Fortune magazine takes on six former GigaOm journalists

Fortune magazine websiteute to
The former GigaOm journalists will work mainly on Fortune magazine’s digital platforms, but will also contribute to the print edition

US business magazine Fortune has hired six journalists from tech site GigaOm, which suddenly closed last month, nine years after it was founded by Om Malik.

Stacey Higginbotham, Barb Darrow, Katie Fehrenbacher, Mathew Ingram, Jeff John Roberts and Jonathan Vanian are all joining the Time Inc-owned magazine, which publishes the Fortune 500 list of the largest companies in terms of revenue in the US.

The six hires account for a third of GigaOm’s former editorial staff, and takes Fortune’s tech team from nine to 15 writers under section editor Andrew Nusca.

In a post published on Fortune, Nusca wrote: “Fortune has always covered how technology is changing the workplace – 85 years of publishing prove it – but things are changing faster and more dramatically than ever before.

“Look for our newly expanded team to double down on covering the technologies that are remaking the foundations of global business, from cloud computing and data analytics to machine learning and artificial intelligence.”

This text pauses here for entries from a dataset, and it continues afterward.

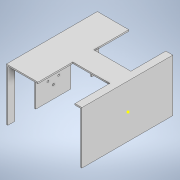
# Autodesk Inventor part: intakeCover
Saved by Autodesk Inventor 2020 (Build 240168000, 168)
## iProperties
Created: 2019-10-18
Part Number: intakeCover
Material: Generic
Document SubType Name: Modeling
Designer: tdmp4
Density: 1 g/cm^3
Appearance: Default
Author: tdmp4
Autodesk Inventor part; units mm, degrees
ref_plane "YZ Plane" through (0, 0, 0) normal (1, 0, 0) x (0, 1, 0)
ref_plane "XZ Plane" through (0, 0, 0) normal (0, 1, 0) x (-1, 0, 0)
ref_plane "XY Plane" through (0, 0, 0) normal (0, 0, 1) x (1, 0, 0)
sketch "Sketch1" plane through (0, 0, 0) normal (1, 0, 0) x (0, 1, 0)
  line L0 (-47.625, 82.55) -> (-47.625, -82.55)
  line L1 (-47.625, -82.55) -> (47.625, -82.55)
  line L2 (47.625, -82.55) -> (47.625, 82.55)
  line L3 (47.625, 82.55) -> (-47.625, 82.55)
  line L4 (-47.625, 82.55) -> (47.625, -82.55) construction
  line L5 (-47.625, -82.55) -> (47.625, 82.55) construction
  point P0 (0, 0)
  dimension "d0" = 165.1
  dimension "d1" = 95.25
  constraints: 12 end point, 2 midpoint, 2 parallel, 1 perpendicular, 1 vertical
  measures "d0" distance of L0.start L0.end
  measures "d1" distance of L1.end L0.end
extrude "Extrusion1" add sketch "Sketch1" along normal mid plane 138.43
sketch "Sketch3" plane through (-69.215, 47.625, 82.55) normal (0, 1, 0) x (1, 0, 0)
  line L0 (0, 0) -> (138.43, 0) projected
  line L1 (138.43, 0) -> (138.43, 82.55)
  line L2 (138.43, 165.1) -> (138.43, 0) projected
  line L3 (1.27, 63.5) -> (137.16, 63.5)
  line L4 (137.16, 63.5) -> (137.16, 101.6)
  line L5 (137.16, 101.6) -> (1.27, 101.6)
  line L6 (1.27, 101.6) -> (1.27, 63.5)
  line L7 (1.27, 63.5) -> (137.16, 101.6) construction
  line L8 (137.16, 63.5) -> (1.27, 101.6) construction
  line L9 (2.54, 0) -> (133.35, 0) projected
  line L10 (133.35, 0) -> (133.35, 63.5)
  line L11 (133.35, 0) -> (133.35, 165.1) projected
  line L12 (133.35, 63.5) -> (2.54, 63.5)
  line L13 (2.54, 63.5) -> (2.54, 0)
  line L14 (2.54, 0) -> (133.35, 0)
  line L15 (133.35, 0) -> (133.35, 63.5)
  line L16 (2.54, 165.1) -> (2.54, 0) projected
  line L17 (2.54, 165.1) -> (2.54, 101.6)
  line L18 (2.54, 101.6) -> (133.35, 101.6)
  line L19 (133.35, 101.6) -> (133.35, 165.1)
  line L20 (133.35, 165.1) -> (2.54, 165.1)
  line L21 (2.54, 165.1) -> (2.54, 101.6)
  point P0 (69.215, 82.55)
  point P1 (2.54, 101.6)
  point P2 (133.35, 101.6)
  dimension "d12" = 38.1
  dimension "d13" = 63.5
  constraints: 34 end point, 6 parallel, 3 horizontal, 3 midpoint, 3 perpendicular, 3 point on line
  measures "d12" distance of L4.end L3.end
  measures "d13" distance of L16.start L17.end
extrude "Extrusion3" cut sketch "Sketch3" against normal blind 12962.89 contours L13 L3 L10 L0 | L16 L20 L11 L5
sketch "Sketch4" plane through (69.215, 0, 0) normal (1, 0, 0) x (0, 0, -1)
  point P0 (0, 0)
sketch "Sketch5" plane through (-66.675, 47.625, 19.05) normal (0, 0, 1) x (1, 0, 0)
  line L0 (135.89, -95.25) -> (135.89, 0) projected
  line L1 (135.89, -95.25) -> (133.35, -95.25)
  line L2 (135.89, -95.25) -> (130.81, -95.25) projected
  line L3 (130.81, 0) -> (0, 0) projected
  line L4 (0, 0) -> (0, -2.54)
  line L5 (0, 0) -> (0, -95.25) projected
  line L6 (0, -2.54) -> (133.35, -2.54)
  line L7 (133.35, -2.54) -> (133.35, -95.25)
  line L8 (133.35, -95.25) -> (0, -95.25)
  line L9 (0, -95.25) -> (0, -2.54)
  point P0 (66.675, -47.625)
  dimension "d16" = 2.54
  dimension "d17" = 2.54
  constraints: 12 end point, 2 parallel, 1 horizontal, 1 midpoint, 1 perpendicular, 1 point on line
  measures "d16" distance of L0.start L1.end
  measures "d17" distance of L3.end L4.end
extrude "Extrusion4" cut sketch "Sketch5" along normal mid plane 203.2
sketch "Sketch7" plane through (-69.215, 47.625, 82.55) normal (0, 1, 0) x (1, 0, 0)
  line L0 (133.35, 63.5) -> (133.35, 0) projected
  line L1 (135.89, 0) -> (138.43, 0) projected
  line L2 (133.35, 63.5) -> (135.89, 63.5)
  line L3 (135.89, 63.5) -> (135.89, 0)
  line L4 (135.89, 0) -> (133.35, 0)
  line L5 (133.35, 0) -> (133.35, 63.5)
  line L6 (133.35, 101.6) -> (2.54, 101.6) projected
  line L7 (135.89, 0) -> (135.89, 165.1) projected
  line L8 (133.35, 101.6) -> (135.89, 101.6)
  line L9 (135.89, 101.6) -> (135.89, 165.1)
  line L10 (135.89, 165.1) -> (133.35, 165.1)
  line L11 (133.35, 165.1) -> (133.35, 101.6)
  point P0 (69.215, 82.55)
  constraints: 16 end point, 4 parallel, 2 horizontal, 2 perpendicular
extrude "Extrusion5" cut sketch "Sketch7" against normal blind 25.4
sketch "Sketch8" plane through (-69.215, 0, 0) normal (-1, 0, 0) x (0, 0, 1)
  line L0 (-19.05, 45.085) -> (19.05, 45.085) projected
  line L1 (-19.05, 45.085) -> (19.05, 45.085)
  line L2 (-19.05, 45.085) -> (-25.4, 45.085)
  line L3 (-25.4, 45.085) -> (-76.2, 45.085)
  line L4 (-25.4, 45.085) -> (-31.75, 45.085)
  line L5 (-82.55, -47.625) -> (82.55, -47.625) projected
  line L6 (-31.75, 45.085) -> (-31.75, -47.625)
  line L7 (-31.75, -47.625) -> (-69.85, -47.625)
  line L8 (-69.85, -47.625) -> (-69.85, 45.085)
  line L9 (-69.85, 45.085) -> (-31.75, 45.085)
  line L10 (19.05, 45.085) -> (31.75, 45.085)
  line L11 (31.75, 45.085) -> (31.75, -47.625)
  line L12 (31.75, -47.625) -> (69.85, -47.625)
  line L13 (69.85, -47.625) -> (69.85, 45.085)
  line L14 (69.85, 45.085) -> (31.75, 45.085)
  point P0 (0, 0)
  point P1 (-69.85, 45.085)
  dimension "d22" = 6.35
  dimension "d23" = 50.8
  dimension "d24" = 6.35
  dimension "d25" = 38.1
  dimension "d26" = 12.7
  dimension "d27" = 38.1
  constraints: 26 end point, 5 equal length, 5 point on line, 3 perpendicular, 1 horizontal, 1 vertical
  measures "d22" distance of L0.start L2.end
  measures "d23" distance of L2.end L3.end
  measures "d24" distance of L2.end L4.end
  measures "d25" distance of L6.end L7.end
  measures "d26" distance of L0.end L10.end
  measures "d27" distance of L12.end L11.end
extrude "Extrusion6" cut sketch "Sketch8" against normal blind 25.4 contours L14 L13 L5 L11 | L6 L5 L8 L3
sketch "Sketch9" plane through (-69.215, 47.625, 82.55) normal (0, 1, 0) x (1, 0, 0)
  line L0 (2.54, 101.6) -> (2.54, 165.1) projected
  line L1 (2.54, 165.1) -> (2.54, 158.75)
  line L2 (2.54, 158.75) -> (135.89, 158.75)
  line L3 (135.89, 158.75) -> (135.89, 165.1)
  line L4 (135.89, 165.1) -> (2.54, 165.1)
  line L5 (2.54, 0) -> (2.54, 63.5) projected
  line L6 (2.54, 0) -> (2.54, 6.35)
  line L7 (2.54, 6.35) -> (135.89, 6.35)
  line L8 (135.89, 6.35) -> (135.89, 0)
  line L9 (135.89, 0) -> (2.54, 0)
  point P0 (69.215, 82.55)
  dimension "d30" = 6.35
  dimension "d31" = 6.35
  constraints: 16 end point, 4 parallel, 2 perpendicular, 2 point on line
  measures "d30" distance of L0.end L1.end
  measures "d31" distance of L5.start L6.end
extrude "Extrusion7" add sketch "Sketch9" against normal blind 2.54
sketch "Sketch10" plane through (-69.215, 0, 0) normal (-1, 0, 0) x (0, 0, 1)
  line L0 (-69.85, 45.085) -> (-69.85, -47.625) projected
  line L1 (-69.85, -47.625) -> (-69.85, 41.275)
  line L2 (-69.85, 41.275) -> (69.85, 41.275)
  line L3 (69.85, -47.625) -> (69.85, 45.085) projected
  line L4 (-69.85, 45.085) -> (-31.75, 45.085) projected
  line L5 (-69.85, 41.275) -> (-69.85, 45.085)
  line L6 (-69.85, 45.085) -> (-31.75, 45.085)
  line L7 (-31.75, 45.085) -> (-31.75, 41.275)
  line L8 (-31.75, 41.275) -> (-69.85, 41.275)
  line L9 (31.75, 45.085) -> (31.75, -47.625) projected
  line L10 (69.85, 45.085) -> (31.75, 45.085) projected
  line L11 (31.75, 41.275) -> (69.85, 41.275)
  line L12 (69.85, 41.275) -> (69.85, 45.085)
  line L13 (69.85, 45.085) -> (31.75, 45.085)
  line L14 (31.75, 45.085) -> (31.75, 41.275)
  point P0 (0, 0)
  dimension "d34" = 88.9
  constraints: 20 end point, 4 parallel, 4 perpendicular, 4 point on line, 1 horizontal
  measures "d34" distance of L0.end L1.end
extrude "Extrusion8" add sketch "Sketch10" against normal blind 2.54
sketch "Sketch11" plane through (-69.215, 47.625, 82.55) normal (0, 1, 0) x (1, 0, 0)
  line L0 (0, 165.1) -> (0, 152.4) projected
  line L1 (135.89, 101.6) -> (2.54, 101.6) projected
  line L2 (0, 158.75) -> (12.7, 158.75)
  line L3 (12.7, 158.75) -> (12.7, 101.6)
  line L4 (12.7, 101.6) -> (0, 101.6)
  line L5 (0, 101.6) -> (0, 158.75)
  line L6 (2.54, 63.5) -> (135.89, 63.5) projected
  line L7 (0, 6.35) -> (12.7, 6.35)
  line L8 (12.7, 6.35) -> (12.7, 63.5)
  line L9 (12.7, 63.5) -> (0, 63.5)
  line L10 (0, 63.5) -> (0, 6.35)
  line L11 (138.6414, 6.35) -> (125.9414, 6.35)
  line L12 (125.9414, 6.35) -> (125.9414, 63.5)
  line L13 (125.9414, 63.5) -> (138.6414, 63.5)
  line L14 (138.6414, 63.5) -> (138.6414, 6.35)
  line L15 (125.9414, 101.6) -> (138.6414, 101.6)
  line L16 (138.6414, 101.6) -> (138.6414, 158.75)
  line L17 (138.6414, 158.75) -> (125.9414, 158.75)
  line L18 (125.9414, 158.75) -> (125.9414, 101.6)
  point P0 (69.215, 82.55)
  dimension "d37" = 12.7
  dimension "d38" = 12.7
  dimension "d39" = 12.7
  constraints: 32 end point, 8 parallel, 7 point on line, 4 horizontal, 4 perpendicular, 1 midpoint
  measures "d37" distance of L3.end L4.end
  measures "d38" distance of L9.end L8.end
  measures "d39" distance of L12.end L13.end
extrude "Extrusion9" add sketch "Sketch11" against normal blind 2.54
sketch "Sketch12" plane through (-69.215, 47.625, -82.55) normal (0, 1, 0) x (1, 0, 0)
  line L0 (138.43, 0) -> (138.43, -6.35) projected
  line L1 (138.43, -6.35) -> (125.73, -6.35)
  line L2 (125.9414, -6.35) -> (12.7, -6.35) projected
  line L3 (138.43, -158.75) -> (138.43, -165.1) projected
  line L4 (138.43, -6.35) -> (138.43, -165.1)
  line L5 (138.43, -165.1) -> (125.73, -165.1)
  line L6 (125.73, -165.1) -> (125.73, -6.35)
  line L7 (125.73, -6.35) -> (138.43, -6.35)
  point P0 (69.215, -82.55)
  dimension "d42" = 12.7
  dimension "d43" = 12.7
  constraints: 10 end point, 2 parallel, 1 collinear, 1 perpendicular, 1 point on line
  measures "d42" distance of L0.end L1.end
  measures "d43" distance of L3.end L5.end
extrude "Extrusion10" add sketch "Sketch12" against normal blind 2.54
sketch "Sketch13" plane through (-69.215, 47.625, -82.55) normal (0, 1, 0) x (1, 0, 0)
  line L0 (125.73, -63.5) -> (125.73, -6.35) projected
  line L1 (12.7, -6.35) -> (125.73, -6.35) projected
  line L2 (125.73, -6.35) -> (12.7, -6.35)
  line L3 (12.7, -6.35) -> (12.7, 0)
  line L4 (12.7, 0) -> (125.73, 0)
  line L5 (125.73, 0) -> (125.73, -6.35)
  line L6 (125.73, -158.75) -> (125.73, -101.6) projected
  line L7 (12.7, -101.6) -> (12.7, -158.75) projected
  line L8 (125.73, -158.75) -> (12.7, -158.75)
  line L9 (12.7, -158.75) -> (12.7, -165.1)
  line L10 (12.7, -165.1) -> (125.73, -165.1)
  line L11 (125.73, -165.1) -> (125.73, -158.75)
  point P0 (69.215, -82.55)
  constraints: 16 end point, 4 parallel, 3 perpendicular, 1 horizontal
extrude "Extrusion11" cut sketch "Sketch13" against normal blind 2.54
sketch "Sketch14" plane through (-69.215, 0, 0) normal (-1, 0, 0) x (0, 0, 1)
  circle A0 centre (0, -5.2326) radius 1.7859
  circle A1 centre (9.779, -15.0116) radius 1.7859
  circle A2 centre (-9.779, -15.0116) radius 1.7859
  circle A3 centre (0, -24.7906) radius 1.7859
  point P0 (0, 0)
  dimension "d49" = 3.5719
  dimension "d50" = 3.5719
  dimension "d51" = 3.5719
  dimension "d52" = 3.5719
  constraints: 4 centre point
  measures "d49" diameter of A0
  measures "d50" diameter of A1
  measures "d51" diameter of A2
  measures "d52" diameter of A3
extrude "Extrusion12" cut sketch "Sketch14" against normal blind 2.54
sketch "Sketch15" plane through (-69.215, 47.625, 82.55) normal (0, 1, 0) x (1, 0, 0)
  line L0 (138.43, 158.75) -> (138.6414, 158.75) projected
  line L1 (138.43, 158.75) -> (138.6414, 158.75)
  line L2 (138.6414, 158.75) -> (138.6414, -0.8057)
  line L3 (138.6414, -0.8057) -> (138.43, -0.8057)
  line L4 (138.43, -0.8057) -> (138.43, 158.75)
  point P0 (69.215, 82.55)
  constraints: 8 end point, 3 equal length, 1 perpendicular
extrude "Extrusion13" cut sketch "Sketch15" against normal blind 152.4
sketch "Sketch16" plane through (69.215, 47.625, 82.55) normal (0, 1, 0) x (1, 0, 0)
  line L0 (-125.73, 101.6) -> (-125.73, 165.1) projected
  line L1 (-125.73, 165.1) -> (-81.28, 165.1)
  line L2 (-81.28, 165.1) -> (-81.28, 0)
  line L3 (-81.28, 0) -> (-125.73, 0)
  line L4 (-125.73, 0) -> (-125.73, 165.1)
  point P0 (-69.215, 82.55)
  dimension "d57" = 44.45
  constraints: 8 end point, 2 parallel, 1 horizontal, 1 perpendicular
  measures "d57" distance of L0.end L1.end
extrude "Extrusion14" add sketch "Sketch16" against normal blind 2.54
sketch "Sketch17" plane through (69.215, -47.625, -82.55) normal (0, 0, -1) x (-1, 0, 0)
  line L0 (2.54, 0) -> (0, 0) projected
  line L1 (0, 0) -> (1.27, 0)
  line L2 (1.27, 0) -> (3.81, 0)
  line L3 (3.81, 0) -> (3.81, 95.25)
  line L4 (3.81, 95.25) -> (1.27, 95.25)
  line L5 (1.27, 95.25) -> (1.27, 0)
  point P0 (69.215, 47.625)
  dimension "d60" = 1.27
  dimension "d61" = 2.54
  constraints: 10 end point, 2 parallel, 1 midpoint, 1 perpendicular, 1 point on line
  measures "d60" distance of L0.end L1.end
  measures "d61" distance of L1.end L2.end
extrude "Extrusion15" add sketch "Sketch17" against normal blind 165.1
sketch "Sketch18" plane through (69.215, -47.625, -82.55) normal (0, 0, -1) x (-1, 0, 0)
  line L0 (0, 0) -> (3.81, 0) projected
  line L1 (0, 0) -> (1.27, 0)
  line L2 (1.27, 0) -> (1.27, 95.25)
  line L3 (1.27, 95.25) -> (0, 95.25)
  line L4 (0, 95.25) -> (0, 0)
  point P0 (69.215, 47.625)
  dimension "d64" = 1.27
  constraints: 8 end point, 2 parallel, 1 perpendicular, 1 point on line
  measures "d64" distance of L0.start L1.end
extrude "Extrusion16" cut sketch "Sketch18" against normal blind 165.1
sketch "Sketch19" plane through (56.515, 47.625, -82.55) normal (-1, 0, 0) x (0, 0, 1)
  line L0 (0, -2.54) -> (0, 0) projected
  line L1 (101.6, 0) -> (165.1, 0) projected
  line L2 (0, 0) -> (165.1, 0)
  line L3 (165.1, 0) -> (165.1, -2.5502)
  line L4 (165.1, -2.5502) -> (0, -2.5502)
  line L5 (0, -2.5502) -> (0, 0)
  point P0 (82.55, -47.625)
  constraints: 8 end point, 2 parallel, 1 collinear, 1 perpendicular
extrude "Extrusion17" add sketch "Sketch19" along normal blind 1.27
equation "\"d49\" = d51"
body "Solid1"

Time CEO Joe Ripp had reportedly been in negotiations to buy GigaOm before deciding to hire the journalists, many of whom were senior writers for the site.

Fortune editor Alan Murray told the New York Post: “They [Time Inc executives] took a serious look at it, but felt this was the better way to go.”

Malik announced in a blog post in March that GigaOm’s assets were in the hands of lenders. The site had previously raised $30m (£20m) in funding, but failed to make enough money from a combination of advertising, paid-for research and events to continue operations.

The writers joining Fortune will focus on the magazine’s digital platforms but will also contribute to the print magazine and appear at Fortune events.

Fortune has been seeking to increase the amount of content it produces to attract more visitors since it lost referrals from CNN when Time Warner split its broadcast and publishing divisions into separate companies.